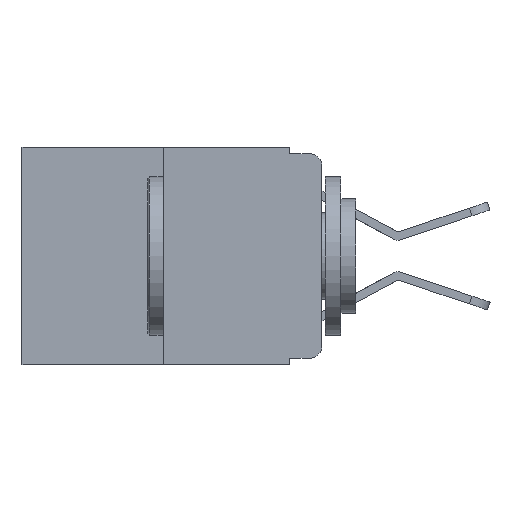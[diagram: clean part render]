
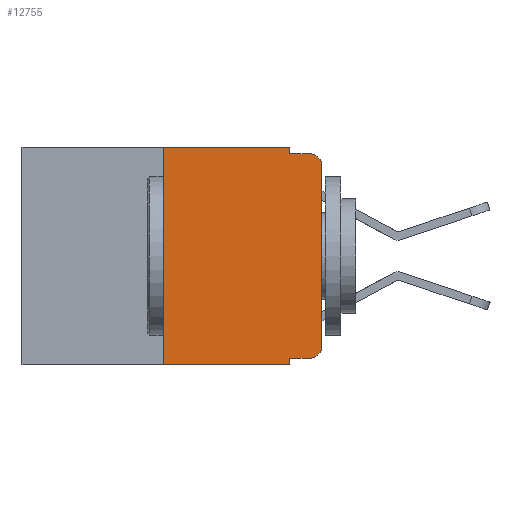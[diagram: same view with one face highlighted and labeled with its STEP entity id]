
A CAD part, left-side view. The second image highlights one B-rep face of the part: STEP entity #12755.
In plain terms, the highlighted planar face has unit normal (-1, 0, 0).
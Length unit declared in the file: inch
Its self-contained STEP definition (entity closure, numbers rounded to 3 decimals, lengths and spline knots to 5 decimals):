
#13 = CARTESIAN_POINT ( 'NONE',  ( 0., 0.051, 0. ) ) ;
#124 = CARTESIAN_POINT ( 'NONE',  ( 0., 0.051, 0. ) ) ;
#408 = AXIS2_PLACEMENT_3D ( 'NONE', #500, #10612, #11633 ) ;
#500 = CARTESIAN_POINT ( 'NONE',  ( 0., 0.02, -0.313 ) ) ;
#591 = ORIENTED_EDGE ( 'NONE', *, *, #5771, .F. ) ;
#1249 = ORIENTED_EDGE ( 'NONE', *, *, #6436, .T. ) ;
#1622 = DIRECTION ( 'NONE',  ( 0., -1., 0. ) ) ;
#1685 = LINE ( 'NONE', #3362, #8721 ) ;
#2102 = EDGE_CURVE ( 'NONE', #7264, #11305, #7831, .T. ) ;
#2718 = VECTOR ( 'NONE', #8143, 39.37008 ) ;
#2797 = ORIENTED_EDGE ( 'NONE', *, *, #9064, .T. ) ;
#2923 = ORIENTED_EDGE ( 'NONE', *, *, #2102, .F. ) ;
#2988 = ORIENTED_EDGE ( 'NONE', *, *, #4956, .T. ) ;
#3090 = CARTESIAN_POINT ( 'NONE',  ( 0., 0.473, 0. ) ) ;
#3113 = DIRECTION ( 'NONE',  ( 0., 0., -1. ) ) ;
#3362 = CARTESIAN_POINT ( 'NONE',  ( 0., 0.051, -0.333 ) ) ;
#3379 = EDGE_CURVE ( 'NONE', #9965, #12759, #7622, .T. ) ;
#3554 = EDGE_CURVE ( 'NONE', #11192, #11237, #1685, .T. ) ;
#3600 = FACE_OUTER_BOUND ( 'NONE', #4533, .T. ) ;
#3621 = CARTESIAN_POINT ( 'NONE',  ( 0., 0.25, 0. ) ) ;
#3890 = CARTESIAN_POINT ( 'NONE',  ( 0., 0.25, 0. ) ) ;
#3958 = CARTESIAN_POINT ( 'NONE',  ( 0., 0., -0.313 ) ) ;
#4265 = VECTOR ( 'NONE', #12920, 39.37008 ) ;
#4533 = EDGE_LOOP ( 'NONE', ( #2988, #2797, #2923, #591, #9147, #5025, #1249, #8421, #6718, #7738 ) ) ;
#4702 = LINE ( 'NONE', #7428, #8469 ) ;
#4956 = EDGE_CURVE ( 'NONE', #11598, #9994, #11326, .T. ) ;
#5025 = ORIENTED_EDGE ( 'NONE', *, *, #3379, .F. ) ;
#5063 = AXIS2_PLACEMENT_3D ( 'NONE', #5222, #6238, #3113 ) ;
#5222 = CARTESIAN_POINT ( 'NONE',  ( 0., 0.02, -0.03 ) ) ;
#5259 = CARTESIAN_POINT ( 'NONE',  ( 0., 0.02, -0.333 ) ) ;
#5492 = DIRECTION ( 'NONE',  ( 0., 0., -1. ) ) ;
#5582 = CARTESIAN_POINT ( 'NONE',  ( 0., 0.473, 0. ) ) ;
#5771 = EDGE_CURVE ( 'NONE', #6810, #7264, #8033, .T. ) ;
#5826 = EDGE_CURVE ( 'NONE', #12759, #6810, #7541, .T. ) ;
#5938 = DIRECTION ( 'NONE',  ( 0., 0., 1. ) ) ;
#6087 = CARTESIAN_POINT ( 'NONE',  ( 0., 0.051, 0. ) ) ;
#6238 = DIRECTION ( 'NONE',  ( -1., 0., 0. ) ) ;
#6254 = VECTOR ( 'NONE', #1622, 39.37008 ) ;
#6277 = CARTESIAN_POINT ( 'NONE',  ( 0., 0.051, -0.333 ) ) ;
#6436 = EDGE_CURVE ( 'NONE', #9965, #8718, #4702, .T. ) ;
#6718 = ORIENTED_EDGE ( 'NONE', *, *, #3554, .T. ) ;
#6783 = AXIS2_PLACEMENT_3D ( 'NONE', #5582, #10560, #5492 ) ;
#6810 = VERTEX_POINT ( 'NONE', #6087 ) ;
#7264 = VERTEX_POINT ( 'NONE', #12232 ) ;
#7428 = CARTESIAN_POINT ( 'NONE',  ( 0., 0.473, -0.343 ) ) ;
#7541 = LINE ( 'NONE', #3090, #11285 ) ;
#7622 = LINE ( 'NONE', #3890, #10758 ) ;
#7738 = ORIENTED_EDGE ( 'NONE', *, *, #8573, .T. ) ;
#7831 = LINE ( 'NONE', #9774, #6254 ) ;
#7949 = CARTESIAN_POINT ( 'NONE',  ( 0., 0., 0. ) ) ;
#8033 = LINE ( 'NONE', #124, #2718 ) ;
#8143 = DIRECTION ( 'NONE',  ( 0., 0., -1. ) ) ;
#8421 = ORIENTED_EDGE ( 'NONE', *, *, #11075, .F. ) ;
#8458 = DIRECTION ( 'NONE',  ( 0., -1., 0. ) ) ;
#8469 = VECTOR ( 'NONE', #8458, 39.37008 ) ;
#8573 = EDGE_CURVE ( 'NONE', #11237, #11598, #10748, .T. ) ;
#8718 = VERTEX_POINT ( 'NONE', #9649 ) ;
#8721 = VECTOR ( 'NONE', #10293, 39.37008 ) ;
#9064 = EDGE_CURVE ( 'NONE', #9994, #11305, #10104, .T. ) ;
#9147 = ORIENTED_EDGE ( 'NONE', *, *, #5826, .F. ) ;
#9584 = CARTESIAN_POINT ( 'NONE',  ( 0., 0.25, -0.343 ) ) ;
#9625 = CARTESIAN_POINT ( 'NONE',  ( 0., 0., -0.03 ) ) ;
#9640 = PLANE ( 'NONE',  #6783 ) ;
#9649 = CARTESIAN_POINT ( 'NONE',  ( 0., 0.051, -0.343 ) ) ;
#9774 = CARTESIAN_POINT ( 'NONE',  ( 0., 0.051, -0.01 ) ) ;
#9965 = VERTEX_POINT ( 'NONE', #9584 ) ;
#9994 = VERTEX_POINT ( 'NONE', #9625 ) ;
#10104 = CIRCLE ( 'NONE', #5063, 0.02 ) ;
#10221 = DIRECTION ( 'NONE',  ( 0., -1., 0. ) ) ;
#10293 = DIRECTION ( 'NONE',  ( 0., -1., 0. ) ) ;
#10560 = DIRECTION ( 'NONE',  ( 1., 0., 0. ) ) ;
#10612 = DIRECTION ( 'NONE',  ( -1., 0., 0. ) ) ;
#10748 = CIRCLE ( 'NONE', #408, 0.02 ) ;
#10758 = VECTOR ( 'NONE', #10962, 39.37008 ) ;
#10838 = LINE ( 'NONE', #13, #4265 ) ;
#10962 = DIRECTION ( 'NONE',  ( 0., 0., 1. ) ) ;
#11075 = EDGE_CURVE ( 'NONE', #11192, #8718, #10838, .T. ) ;
#11192 = VERTEX_POINT ( 'NONE', #6277 ) ;
#11237 = VERTEX_POINT ( 'NONE', #5259 ) ;
#11285 = VECTOR ( 'NONE', #10221, 39.37008 ) ;
#11305 = VERTEX_POINT ( 'NONE', #11472 ) ;
#11326 = LINE ( 'NONE', #7949, #12740 ) ;
#11472 = CARTESIAN_POINT ( 'NONE',  ( 0., 0.02, -0.01 ) ) ;
#11598 = VERTEX_POINT ( 'NONE', #3958 ) ;
#11633 = DIRECTION ( 'NONE',  ( 0., 0., -1. ) ) ;
#12232 = CARTESIAN_POINT ( 'NONE',  ( 0., 0.051, -0.01 ) ) ;
#12740 = VECTOR ( 'NONE', #5938, 39.37008 ) ;
#12755 = ADVANCED_FACE ( 'NONE', ( #3600 ), #9640, .F. ) ;
#12759 = VERTEX_POINT ( 'NONE', #3621 ) ;
#12920 = DIRECTION ( 'NONE',  ( 0., 0., -1. ) ) ;

### EXERCISE DESCRIPTION
The copy should run from the first line of the material above through the line with "A CAD part, left-side", repeated exactly and without pictures.

### SOLUTION TO THIS PROBLEM
[diagram: clean part render]
[diagram: same view with one face highlighted and labeled with its STEP entity id]
A CAD part, left-side view. The second image highlights one B-rep face of the part: STEP entity #12755.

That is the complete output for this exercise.